(Stored data)
• • • •
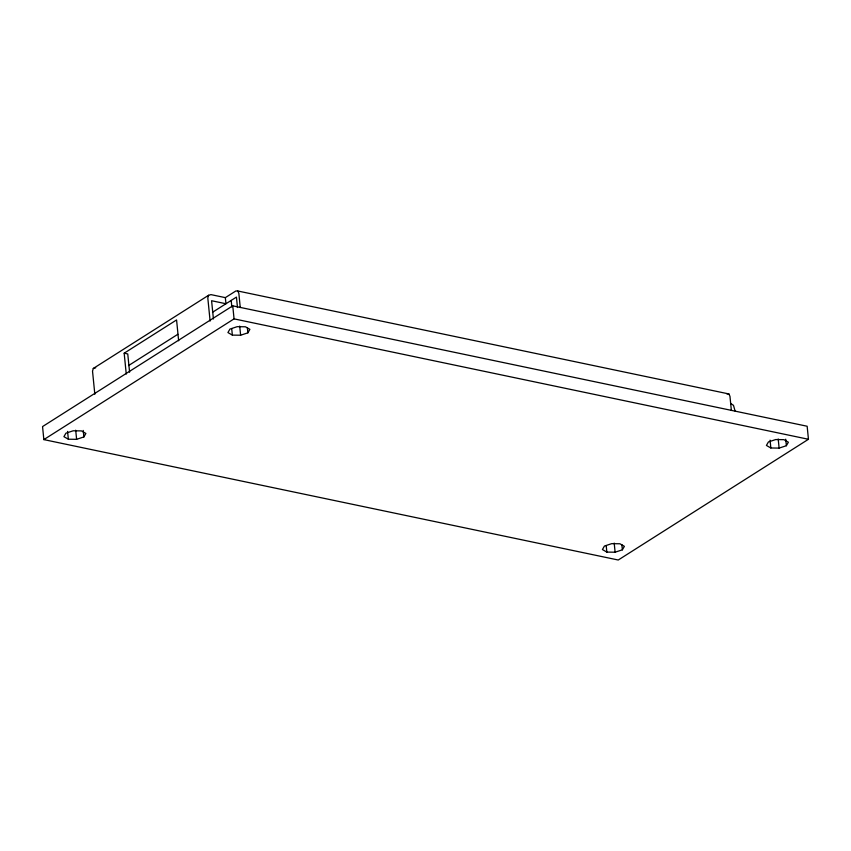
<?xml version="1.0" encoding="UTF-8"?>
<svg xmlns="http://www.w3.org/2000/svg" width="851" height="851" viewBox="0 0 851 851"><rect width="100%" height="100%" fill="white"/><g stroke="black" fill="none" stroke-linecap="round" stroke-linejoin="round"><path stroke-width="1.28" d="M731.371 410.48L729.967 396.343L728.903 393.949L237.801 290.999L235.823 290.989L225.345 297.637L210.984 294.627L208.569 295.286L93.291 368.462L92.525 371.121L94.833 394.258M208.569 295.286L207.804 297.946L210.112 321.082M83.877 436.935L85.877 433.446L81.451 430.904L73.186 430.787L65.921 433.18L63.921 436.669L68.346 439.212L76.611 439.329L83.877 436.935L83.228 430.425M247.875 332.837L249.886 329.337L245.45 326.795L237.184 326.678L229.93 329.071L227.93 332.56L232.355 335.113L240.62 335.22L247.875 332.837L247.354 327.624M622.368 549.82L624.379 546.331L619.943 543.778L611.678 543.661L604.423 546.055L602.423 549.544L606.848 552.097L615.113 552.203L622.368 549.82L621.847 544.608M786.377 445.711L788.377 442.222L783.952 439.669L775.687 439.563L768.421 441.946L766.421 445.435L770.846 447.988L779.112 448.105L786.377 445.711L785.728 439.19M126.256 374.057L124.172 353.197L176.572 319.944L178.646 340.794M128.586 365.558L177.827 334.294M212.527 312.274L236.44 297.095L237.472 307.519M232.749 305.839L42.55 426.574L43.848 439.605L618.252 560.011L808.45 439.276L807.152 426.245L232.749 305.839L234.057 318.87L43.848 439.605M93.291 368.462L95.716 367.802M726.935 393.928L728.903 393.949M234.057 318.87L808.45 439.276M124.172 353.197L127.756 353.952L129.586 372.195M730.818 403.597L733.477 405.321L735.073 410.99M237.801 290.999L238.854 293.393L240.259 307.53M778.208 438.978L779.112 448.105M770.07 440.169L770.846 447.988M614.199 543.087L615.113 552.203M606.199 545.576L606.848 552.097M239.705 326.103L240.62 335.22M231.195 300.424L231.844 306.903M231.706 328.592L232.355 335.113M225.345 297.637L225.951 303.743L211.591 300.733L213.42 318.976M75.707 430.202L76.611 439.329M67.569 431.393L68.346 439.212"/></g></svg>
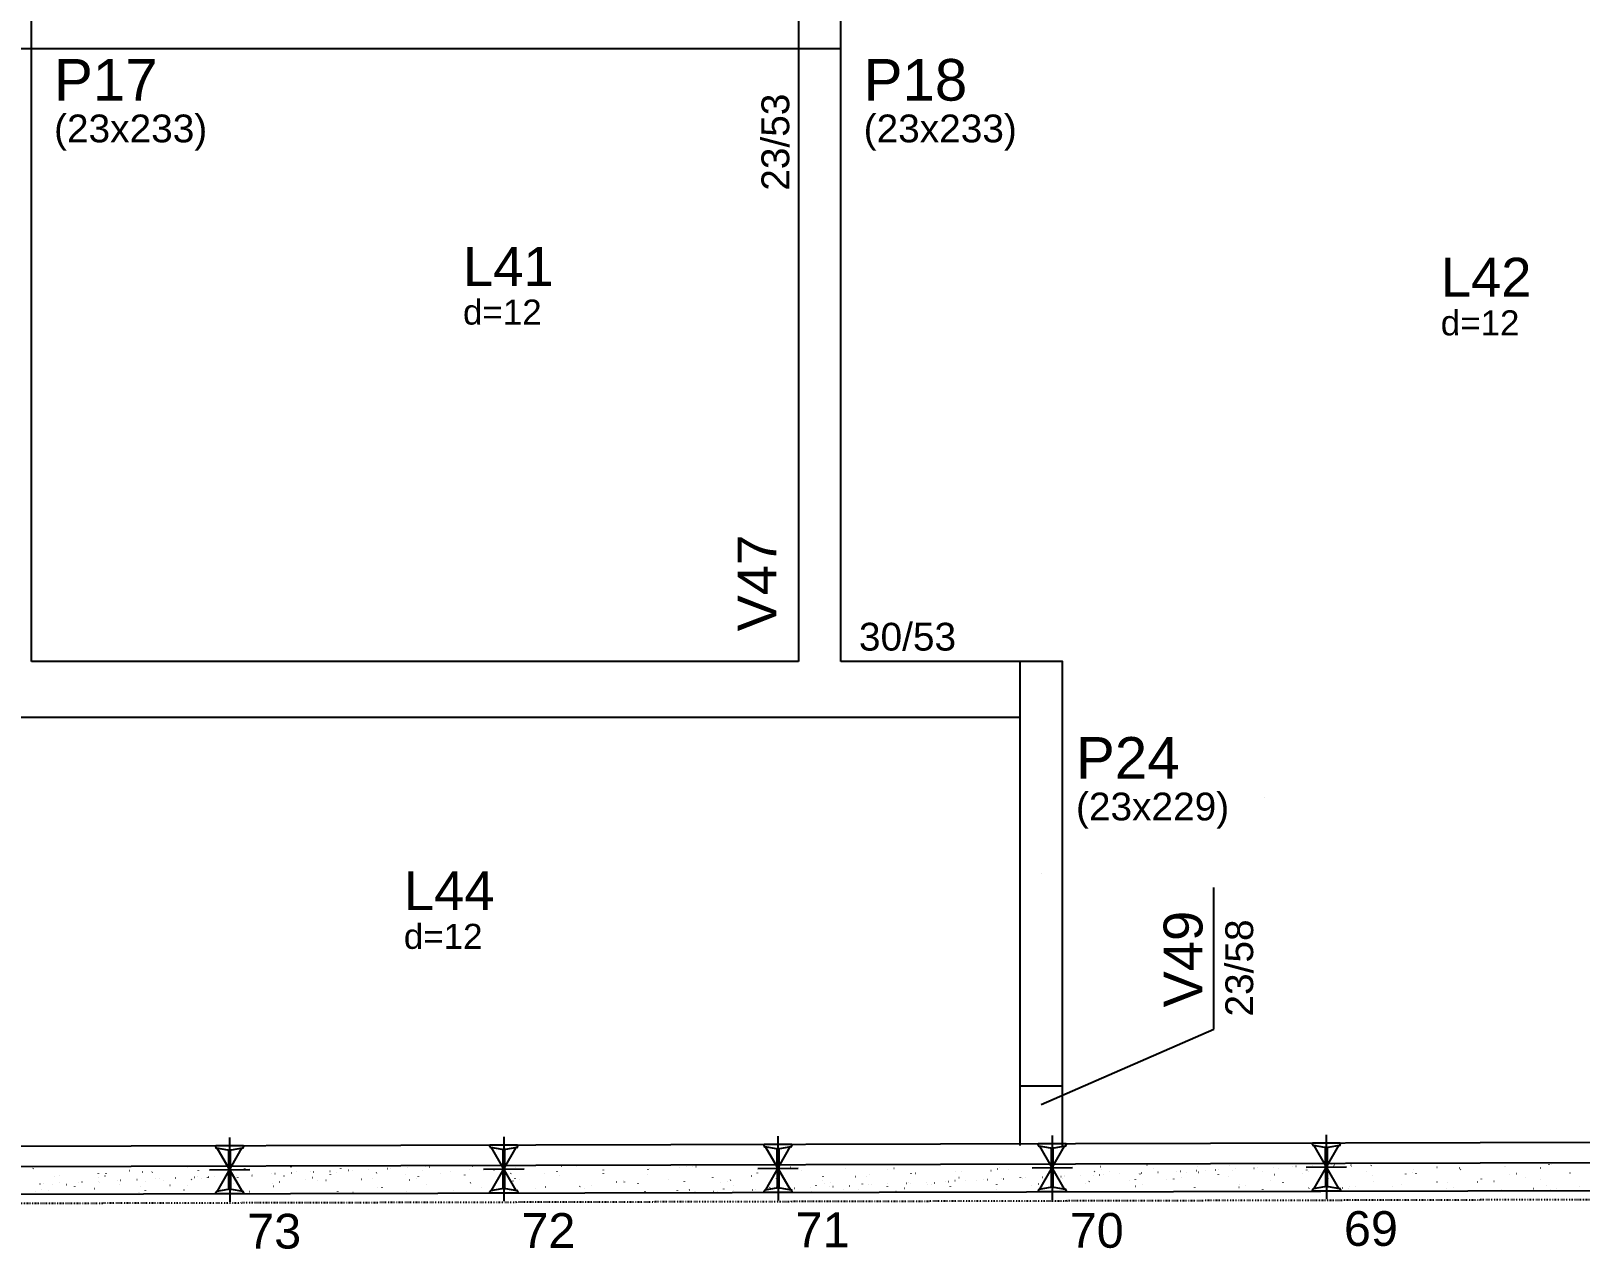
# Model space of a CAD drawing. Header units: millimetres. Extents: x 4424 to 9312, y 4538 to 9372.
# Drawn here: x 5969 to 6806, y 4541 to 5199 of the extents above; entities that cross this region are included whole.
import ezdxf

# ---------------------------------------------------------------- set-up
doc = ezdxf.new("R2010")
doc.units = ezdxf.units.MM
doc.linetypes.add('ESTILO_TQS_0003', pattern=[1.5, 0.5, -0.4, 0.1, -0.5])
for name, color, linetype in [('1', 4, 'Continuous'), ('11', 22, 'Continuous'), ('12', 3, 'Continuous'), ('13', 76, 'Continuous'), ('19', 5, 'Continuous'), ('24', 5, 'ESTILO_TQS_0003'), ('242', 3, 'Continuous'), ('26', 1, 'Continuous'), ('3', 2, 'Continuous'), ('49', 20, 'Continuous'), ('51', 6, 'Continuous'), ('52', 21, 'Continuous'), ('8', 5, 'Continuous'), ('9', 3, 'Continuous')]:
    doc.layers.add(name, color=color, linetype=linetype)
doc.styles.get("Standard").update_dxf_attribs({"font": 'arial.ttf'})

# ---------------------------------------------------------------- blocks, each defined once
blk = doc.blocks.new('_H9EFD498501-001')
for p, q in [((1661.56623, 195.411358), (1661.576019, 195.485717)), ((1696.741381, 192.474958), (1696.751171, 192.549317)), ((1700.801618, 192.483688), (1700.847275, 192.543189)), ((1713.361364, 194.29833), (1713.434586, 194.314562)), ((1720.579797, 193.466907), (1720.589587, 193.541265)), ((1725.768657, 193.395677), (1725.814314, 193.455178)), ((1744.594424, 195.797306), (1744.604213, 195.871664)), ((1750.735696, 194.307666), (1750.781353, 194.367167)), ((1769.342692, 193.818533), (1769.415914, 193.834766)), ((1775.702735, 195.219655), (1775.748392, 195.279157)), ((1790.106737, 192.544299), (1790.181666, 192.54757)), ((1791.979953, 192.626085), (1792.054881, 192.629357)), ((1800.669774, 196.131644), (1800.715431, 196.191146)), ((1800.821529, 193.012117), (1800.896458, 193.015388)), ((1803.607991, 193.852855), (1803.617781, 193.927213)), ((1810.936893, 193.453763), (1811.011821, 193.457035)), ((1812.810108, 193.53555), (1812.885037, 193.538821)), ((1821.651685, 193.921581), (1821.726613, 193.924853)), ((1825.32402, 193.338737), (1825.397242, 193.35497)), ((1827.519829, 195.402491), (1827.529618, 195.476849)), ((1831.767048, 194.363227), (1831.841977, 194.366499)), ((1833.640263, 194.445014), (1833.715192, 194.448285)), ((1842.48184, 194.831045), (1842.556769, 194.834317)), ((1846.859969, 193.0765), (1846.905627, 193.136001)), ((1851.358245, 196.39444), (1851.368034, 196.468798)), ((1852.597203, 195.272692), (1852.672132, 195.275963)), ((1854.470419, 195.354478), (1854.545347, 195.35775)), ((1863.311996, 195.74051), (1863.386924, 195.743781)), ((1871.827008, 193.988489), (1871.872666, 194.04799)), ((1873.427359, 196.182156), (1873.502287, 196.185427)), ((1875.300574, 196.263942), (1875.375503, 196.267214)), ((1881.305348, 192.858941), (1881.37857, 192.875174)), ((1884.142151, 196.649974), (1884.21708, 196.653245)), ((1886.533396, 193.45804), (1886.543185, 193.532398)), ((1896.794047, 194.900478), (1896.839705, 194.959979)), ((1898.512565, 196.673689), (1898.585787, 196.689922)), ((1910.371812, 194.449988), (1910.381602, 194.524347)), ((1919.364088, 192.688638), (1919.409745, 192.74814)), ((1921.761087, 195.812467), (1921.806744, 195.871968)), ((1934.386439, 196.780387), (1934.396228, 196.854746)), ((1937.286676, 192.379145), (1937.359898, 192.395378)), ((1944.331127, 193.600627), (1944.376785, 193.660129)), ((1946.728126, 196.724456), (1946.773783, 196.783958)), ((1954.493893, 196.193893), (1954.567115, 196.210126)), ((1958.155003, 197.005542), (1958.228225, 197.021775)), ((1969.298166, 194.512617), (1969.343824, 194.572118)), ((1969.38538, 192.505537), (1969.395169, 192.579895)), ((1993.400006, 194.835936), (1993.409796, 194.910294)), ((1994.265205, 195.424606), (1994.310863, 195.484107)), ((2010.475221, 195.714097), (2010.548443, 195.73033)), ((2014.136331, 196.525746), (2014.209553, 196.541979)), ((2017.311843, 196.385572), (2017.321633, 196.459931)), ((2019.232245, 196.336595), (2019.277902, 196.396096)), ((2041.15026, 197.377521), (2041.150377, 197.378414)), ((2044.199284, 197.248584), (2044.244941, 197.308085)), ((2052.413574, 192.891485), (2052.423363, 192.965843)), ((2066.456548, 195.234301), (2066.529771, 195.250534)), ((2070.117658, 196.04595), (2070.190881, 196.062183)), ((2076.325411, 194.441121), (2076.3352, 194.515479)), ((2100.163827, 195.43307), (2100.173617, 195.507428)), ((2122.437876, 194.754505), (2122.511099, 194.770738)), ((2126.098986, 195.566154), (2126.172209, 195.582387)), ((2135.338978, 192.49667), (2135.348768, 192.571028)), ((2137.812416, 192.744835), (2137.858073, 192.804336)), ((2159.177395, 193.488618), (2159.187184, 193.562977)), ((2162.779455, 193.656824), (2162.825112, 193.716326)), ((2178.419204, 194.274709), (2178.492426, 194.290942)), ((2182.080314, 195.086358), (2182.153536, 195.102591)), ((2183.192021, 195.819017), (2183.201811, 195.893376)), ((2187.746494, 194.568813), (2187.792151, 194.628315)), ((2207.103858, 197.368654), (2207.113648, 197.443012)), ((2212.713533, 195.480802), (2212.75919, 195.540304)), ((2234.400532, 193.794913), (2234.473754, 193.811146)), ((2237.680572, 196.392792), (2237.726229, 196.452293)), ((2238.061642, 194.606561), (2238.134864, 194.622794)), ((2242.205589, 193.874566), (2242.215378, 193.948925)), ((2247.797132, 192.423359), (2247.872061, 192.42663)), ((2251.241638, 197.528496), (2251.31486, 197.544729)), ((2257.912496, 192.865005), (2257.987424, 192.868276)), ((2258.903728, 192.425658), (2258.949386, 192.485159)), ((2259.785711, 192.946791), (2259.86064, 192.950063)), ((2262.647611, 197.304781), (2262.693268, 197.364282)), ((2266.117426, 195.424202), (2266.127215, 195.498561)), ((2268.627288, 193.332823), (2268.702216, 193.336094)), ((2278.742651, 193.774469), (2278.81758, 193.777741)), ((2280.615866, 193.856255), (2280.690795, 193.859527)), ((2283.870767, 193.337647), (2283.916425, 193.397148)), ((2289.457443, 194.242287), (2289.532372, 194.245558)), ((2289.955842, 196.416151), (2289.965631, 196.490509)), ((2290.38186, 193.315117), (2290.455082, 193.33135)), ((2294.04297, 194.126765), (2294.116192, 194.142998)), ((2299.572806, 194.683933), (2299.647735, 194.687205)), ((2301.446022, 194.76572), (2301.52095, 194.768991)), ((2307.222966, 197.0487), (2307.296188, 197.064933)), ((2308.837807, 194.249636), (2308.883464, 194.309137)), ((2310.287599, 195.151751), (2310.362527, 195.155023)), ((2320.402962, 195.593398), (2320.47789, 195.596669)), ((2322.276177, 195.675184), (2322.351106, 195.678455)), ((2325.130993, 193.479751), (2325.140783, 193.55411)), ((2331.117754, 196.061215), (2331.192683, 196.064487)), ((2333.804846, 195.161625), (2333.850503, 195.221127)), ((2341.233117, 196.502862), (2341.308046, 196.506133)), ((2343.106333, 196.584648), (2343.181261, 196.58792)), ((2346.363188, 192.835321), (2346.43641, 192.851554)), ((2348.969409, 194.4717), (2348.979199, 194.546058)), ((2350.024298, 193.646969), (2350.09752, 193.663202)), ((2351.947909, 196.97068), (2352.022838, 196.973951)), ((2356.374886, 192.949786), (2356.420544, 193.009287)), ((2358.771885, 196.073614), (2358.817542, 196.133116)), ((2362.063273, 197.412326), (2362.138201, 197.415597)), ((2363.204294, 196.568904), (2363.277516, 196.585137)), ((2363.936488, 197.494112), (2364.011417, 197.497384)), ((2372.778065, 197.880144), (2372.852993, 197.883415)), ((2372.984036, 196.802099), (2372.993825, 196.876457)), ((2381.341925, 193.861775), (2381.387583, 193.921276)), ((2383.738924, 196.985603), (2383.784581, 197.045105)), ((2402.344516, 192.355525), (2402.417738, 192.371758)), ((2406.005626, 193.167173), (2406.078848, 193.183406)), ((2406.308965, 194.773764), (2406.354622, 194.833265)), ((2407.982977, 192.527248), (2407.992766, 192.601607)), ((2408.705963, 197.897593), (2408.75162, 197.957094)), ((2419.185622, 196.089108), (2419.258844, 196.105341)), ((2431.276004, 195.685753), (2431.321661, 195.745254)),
• • • •
* What to do: Where a line in the records above contains the string "blocks", copy that line.

* The answer:
# ---------------------------------------------------------------- blocks, each defined once
blk = doc.blocks.new('_H9EFD498501-001')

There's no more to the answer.